Era uma vez um mundo onde as mulheres eram cozinheiras, mas não tinham o direito de se tornarem chefs.
O papel de destaque numa cozinha cabia, historicamente, ao homem. Tal como outras profissões, que eram supostamente destinadas apenas ao sexo masculino, num passado não tão distante.
As razões argumentadas para a não inclusão da mulher numa cozinha profissional eram várias: a mulher não tinha a aptidão física requerida para a atividade de chef; alguém tinha que cuidar da casa e da educação dos filhos; o grau de sensibilidade gustativa dos homens era mais apurado do que o das mulheres e as mesmas não tinham a habilidade para gerenciar grandes cozinhas com uma infinidade de sous-chefs e ajudantes. Estes argumentos foram largamente utilizados por cozinheiros famosos por anos e anos até décadas atrás.

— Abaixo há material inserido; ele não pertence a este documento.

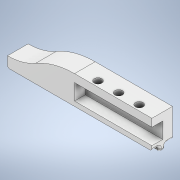
# Autodesk Inventor part: P2_V1_001
Saved by Autodesk Inventor 2020 (Build 240168000, 168)
## iProperties
Created: 2022-06-02
Part Number: P2_V1_001
Material: ABS Plastic
Document SubType Name: Modeling
Designer: drago
Density: 1.06 g/cm^3
Appearance: Smooth - White
Author: drago
Autodesk Inventor part; units mm, degrees
ref_plane "YZ Plane" through (0, 0, 0) normal (1, 0, 0) x (0, 1, 0)
ref_plane "XZ Plane" through (0, 0, 0) normal (0, 1, 0) x (-1, 0, 0)
ref_plane "XY Plane" through (0, 0, 0) normal (0, 0, 1) x (1, 0, 0)
sketch "Sketch1" plane through (0, 0, 0) normal (0, 0, 1) x (1, 0, 0)
  line L0 (0, 45) -> (-280, 45)
  line L1 (-280, 45) -> (-280, 100)
  line L2 (-280, 100) -> (0, 100)
  line L3 (0, 100) -> (0, 45)
  point P0 (0, 0)
  dimension "d0" = 280
  dimension "d47" = 0
  dimension "d48" = 55
  constraints: 8 end point, 2 parallel, 1 horizontal, 1 perpendicular, 1 other
  measures "d0" distance of L1.end L2.end
  measures "d47" distance from line of point (0, 0) L3
  measures "d48" distance of L0.end L1.end
extrude "Extrusion1" add sketch "Sketch1" along normal blind 40
sketch "Sketch2" plane through (0, 0, 40) normal (0, 0, 1) x (1, 0, 0)
  line L0 (0, 100) -> (0, 100)
  line L1 (-280, 100) -> (-280, 45) projected
  line L2 (0, 45) -> (0, 100) projected
  line L3 (0, 100) -> (-280, 100) projected
  line L4 (-280, 100) -> (-280, 45) projected
  line L5 (-280, 45) -> (0, 45) projected
  line L6 (-150, 54) -> (-0.9428, 54)
  line L7 (-150, 85) -> (-150, 54)
  line L8 (0, 85) -> (0, 54.0297)
  line L9 (-0.9428, 54) -> (0, 54)
  line L10 (0, 54) -> (0, 54.0297)
  line L11 (-150, 85) -> (0, 85)
  line L12 (0, 45) -> (0, 100) projected
  point P0 (-180, 55)
  dimension "d231" = 0
  dimension "d233" = 150
  constraints: 14 end point, 2 horizontal, 2 vertical, 1 collinear, 1 perpendicular, 1 point on line
  measures "d231" distance between parallel lines of L2 L8
  measures "d233" distance of L7.start L8.start
sketch "Sketch3" plane through (0, 0, 40) normal (0, 0, 1) x (1, 0, 0)
  line L0 (0, 100) -> (-280, 100) projected
  line L1 (-280, 100) -> (-280, 45) projected
  line L2 (-280, 45) -> (0, 45) projected
  line L3 (0, 45) -> (0, 100) projected
  line L4 (0, 45) -> (0, 100) projected
  line L5 (0, 100) -> (-150, 100)
  line L6 (0, 100) -> (-280, 100) projected
  arc A0 (-280, 65) -> (-225.3103, 79.7241) centre (-280, 173.9286) ccw
  arc A1 (-150, 100) -> (-225.3103, 79.7241) centre (-150, -50) ccw
  line L7 (-280, 100) -> (-280, 45) projected
  line L8 (-150, 100) -> (-280, 100)
  line L9 (-280, 45) -> (-280, 100)
  point P0 (-200, 100)
  point P1 (-280, 65)
  dimension "d203" = 20
  dimension "d207" = 150
  dimension "d208" = 150
  constraints: 6 end point, 5 point on circle, 4 point on line, 3 tangent, 2 centre point, 2 collinear, 1 line through centre
  measures "d203" distance of L1.end A0.start
  measures "d207" radius of A1
  measures "d208" distance of L0.start L5.end
extrude "Extrusion3" cut sketch "Sketch3" against normal up to next contours A1 A0 L1 L0
extrude "Extrusion6" cut sketch "Sketch2" against normal blind 21 contours L2 L9 L6 L7 L11
sketch "Sketch10" plane through (0, 45, 0) normal (1, 0, 0) x (0, 0, -1)
  line L0 (0, 0) -> (-40, 0) projected
  line L1 (0, 0) -> (-14.25, 0)
  line L2 (-40, 0) -> (-25.75, 0)
  line L3 (0, 0) -> (-40, 0) projected
  line L4 (-14.25, 0) -> (-14.25, -10)
  line L5 (-14.25, -10) -> (-25.75, -10)
  line L6 (-25.75, -10) -> (-25.75, 0)
  point P0 (0, -45)
  point P1 (-14.25, 0)
  point P2 (-25.75, 0)
  dimension "d95" = 11.5
  dimension "d96" = 10
  constraints: 10 end point, 2 perpendicular, 2 point on line, 1 collinear, 1 vertical
  measures "d95" distance of L4.end L5.end
  measures "d96" distance of L5.end L2.end
extrude "Extrusion10" add sketch "Sketch10" against normal up to surface (280 mm away)
fillet "Fillet3" radius 4 4 edges at (-140, 45, 14.25) (-140, 45, 25.75) (-140, 35, 25.75) (-140, 35, 14.25)
fillet "Fillet4" radius 4 18 edges at (0, 40, 25.75) (0, 43.8284, 26.9216) (0, 45, 34.875) (0, 35, 20) (0, 36.1716, 15.4216) (0, 40, 14.25) (0, 43.8284, 13.0784) (0, 45, 5.125) (0, 36.1716, 24.5784) (-280, 43.8284, 26.9216) (-280, 40, 25.75) (-280, 36.1716, 24.5784) (-280, 35, 20) (-280, 36.1716, 15.4216) (-280, 40, 14.25) (-280, 43.8284, 13.0784) (-280, 45, 5.125) (-280, 45, 34.875)
sketch "Sketch21" plane through (0, 0, 40) normal (0, 0, 1) x (1, 0, 0)
  arc A0 (-280, 49) -> (-276, 45) centre (-276, 49) ccw projected
  line L0 (-276, 45) -> (-4, 45) projected
  arc A1 (-4, 45) -> (0, 49) centre (-4, 49) ccw projected
  line L1 (0, 85) -> (0, 100) projected
  line L2 (0, 100) -> (-150, 100) projected
  line L3 (-280, 65) -> (-280, 49) projected
  line L4 (-150, 54) -> (-150, 85) projected
  line L5 (0, 54) -> (-150, 54) projected
  line L6 (-30, 85) -> (-30, 54) projected
  line L7 (-30, 85) -> (0, 85)
  line L8 (0, 49) -> (0, 100) projected
  line L9 (-30, 54) -> (0, 54)
  line L10 (0, 85) -> (0, 54)
  line L11 (-30, 85) -> (-30, 54) projected
  line L12 (-30, 85) -> (-30, 54)
  line L13 (0, 49) -> (0, 100) projected
  arc A2 (-150, 100) -> (-225.3103, 79.7241) centre (-150, -50) ccw projected
  arc A3 (-280, 65) -> (-225.3103, 79.7241) centre (-280, 173.9286) ccw projected
  line L14 (0, 49) -> (0, 54) projected
  line L15 (-150, 85) -> (0, 85) projected
  point P0 (0, 0)
  point P1 (-180, 85)
  point P2 (-30, 54.0297)
  point P3 (0, 85)
  constraints: 8 end point, 3 point on line, 1 collinear, 1 horizontal, 1 parallel, 1 perpendicular, 1 vertical
extrude "Extrusion18" cut sketch "Sketch21" against normal blind 21 contours L5 L6 L7 L8
sketch "Sketch24" plane through (0, 0, 0) normal (0, 0, -1) x (-1, 0, 0)
  line L0 (0, 100) -> (150, 100) projected
  line L1 (280, 65) -> (280, 49) projected
  line L2 (276, 45) -> (4, 45) projected
  line L3 (0, 49) -> (0, 100) projected
  arc A0 (0, 49) -> (4, 45) centre (4, 49) ccw projected
  line L4 (276, 45) -> (4, 45) projected
  arc A1 (276, 45) -> (280, 49) centre (276, 49) ccw projected
  line L5 (280, 65) -> (280, 49) projected
  line L6 (0, 100) -> (150, 100) projected
  line L7 (5, 49) -> (5, 90)
  line L8 (5, 90) -> (5, 95)
  line L9 (5, 49) -> (276, 49)
  line L10 (5, 49) -> (276, 49) construction
  arc A2 (225.3103, 79.7241) -> (280, 65) centre (280, 173.9286) ccw projected
  arc A3 (225.3103, 79.7241) -> (150, 100) centre (150, -50) ccw projected
  line L11 (276, 49) -> (276, 59)
  arc A4 (182.2159, 80.2932) -> (276, 59) centre (276, 276.1781) ccw
  line L12 (5, 95) -> (117.4414, 95)
  arc A5 (182.2159, 80.2932) -> (117.4414, 95) centre (117.4414, -55) ccw
  point P0 (0, 0)
  point P1 (30, 85)
  point P2 (280, 100)
  point P3 (156.2468, 95)
  dimension "d214" = 150
  dimension "d215" = 10
  dimension "d217" = 5
  dimension "d230" = 5
  constraints: 12 end point, 5 point on circle, 2 centre point, 2 horizontal, 2 tangent, 1 coincident, 1 collinear, 1 line through centre, 1 point on line, 1 vertical
  measures "d214" radius of A5
  measures "d215" distance of L10.end L11.end
  measures "d217" distance between parallel lines of L0 L12
  measures "d230" distance from line of L3 L7.start
extrude "Extrusion19" cut sketch "Sketch24" against normal blind 12 contours L7 L8 L12 A5 A4 L11 L9
fillet "Fillet19" radius 2 6 edges at (-150.653, 91.2771, 12) (-227.9145, 64.3902, 12) (-61.2207, 95, 12) (-5, 72, 12) (-140.5, 49, 12) (-276, 54, 12)
sketch "Sketch25" plane through (0, 100, 40) normal (0, 1, 0) x (1, 0, 0)
  line L0 (-180, 21) -> (-30, 21) projected
  line L1 (-150, 40) -> (-150, 0) projected
  line L2 (0, 0) -> (-150, 0) projected
  line L3 (0, 40) -> (0, 0) projected
  line L4 (0, 40) -> (-150, 40) projected
  line L5 (-150, 40) -> (-150, 0) construction
  line L6 (-150, 10.5) -> (0, 10.5) construction
  line L7 (0, 10.25) -> (0, 18.25) construction
  circle A0 centre (-115, 10.5) radius 7.5
  circle A1 centre (-75, 10.5) radius 7.5
  circle A2 centre (-35, 10.5) radius 7.5
  line L8 (0, 40) -> (-150, 40) construction
  line L9 (-135, 40) -> (-135, 0) construction
  line L10 (-276, 0) -> (-4, 0) construction
  line L11 (-15, 40) -> (-15, 0) construction
  line L12 (-115, 10.5) -> (-115, -10.3661)
  line L13 (-115, -10.3661) -> (-75, -10.3661)
  line L14 (-75, -10.3661) -> (-75, 10.5)
  line L15 (-75, -10.3661) -> (-35, -10.3661)
  line L16 (-35, -10.3661) -> (-35, 10.5)
  dimension "d219" = 15
  dimension "d220" = 15
  dimension "d221" = 15
  dimension "d222" = 10.5
  dimension "d223" = 15
  dimension "d224" = 15
  dimension "d225" = 20
  dimension "d226" = 20
  constraints: 16 end point, 9 point on line, 5 perpendicular, 3 centre point, 1 collinear, 1 midpoint, 1 parallel, 1 vertical
  measures "d219" diameter of A0
  measures "d220" diameter of A1
  measures "d221" diameter of A2
  measures "d222" distance between parallel lines of L2 L6
  measures "d223" distance between parallel lines of L9 L1
  measures "d224" distance between parallel lines of L3 L11
  measures "d225" distance from line of L9 L12.start
  measures "d226" distance from line of L11 L16.end
extrude "Extrusion20" cut sketch "Sketch25" against normal up to surface (15 mm away) contours A0 | A1 | A2
body "Solid1"

O reputado chef francês, Paul Bocuse, além de ser reconhecido pela excelência de sua comida e criações culinárias, era também conhecido pelas opiniões negativas sobre a entrada da mulher nesse ramo profissional.
Na França, num universo gastronômico dominado completamente pelos homens, algumas mulheres conseguiram se sobressair e deixar um registro para a posteridade. Elas, no entanto, não eram chamadas de chefs, mas de mães (mere, em francês). Geralmente eram esposas de hoteleiros ou donos de pequenos restaurantes e conheciam a arte de cozinhar desde o nascimento, transmitida pelas mães que faziam como as avós.
A felicidade proporcionada por elas com a calorosa cozinha oferecida, as transformavam em rainhas nos corações dos felizardos hóspedes. A herança que essas mulheres deixaram tem inspirado os grandes chefs cozinheiros da atualidade.
Uma das mais famosas é a "Mere Poulard", do Monte Saint Michel. No final dos anos 1800, ela se tornou conhecida por acolher os viajantes com uma omelete cuja receita acabou virando lenda. Para uns, a fama era devida à qualidade dos ovos e da manteiga utilizada, para outros era por conta da adição de crème e, segundo o conselho da própria, "nada como o calor da lenha queimada". Até hoje, indo ao Monte, pode pedir o famoso omelete em qualquer restaurante, pois todos garantem ter a receita original.
Muitas das criaçoes gastronômicas francesas são devidas a outras mães admiráveis, como a "Mere Brazier", "Mere Fillioux" e "Mére Léa", todas da cidade de Lyon. Outra bastante conhecida é a "Mere Blanc", de Vonnas.
Nós também temos as nossas mães e avós inspiradoras. São mulheres anônimas que nos transmitiram receitas especiais e únicas da cozinha brasileira. Conhecimento que foi passado de geração pra geração conservando-se o paladar original.
A popularidade da mulher na cozinha se deu também na sala ao lado: mulheres escritoras que se dedicaram a catalogar, testar e criar novas receitas, publicando-as e ajudando na nossa familiarização com a arte culinária.
Nos Estados Unidos, a mais destacada é Julia Child. Americana da Califórnia, ela foi morar em Paris, nos anos 50, acompanhando o marido que era empregado da embaixada. Lá, estudou na escola Le Cordon Bleu e trouxe todos os fundamentos da gastronomia francesa para os Estados Unidos. Publicou livros, teve programas em televisão e, até hoje, é considerada uma referência quando se fala na cozinha americana.
No Brasil, temos várias e várias mulheres que contribuiram para a nossa formaçao culinária.Nomes como Helena Sangirardi, Maria Stella Libânio Christo, Ofélia e tantas outras, nos levaram a viajar no mundo sensorial dos aromas e sabores da cozinha. Foram elas que abriram caminho para as mulheres que hoje fazem maravilhas como chefs no Brasil.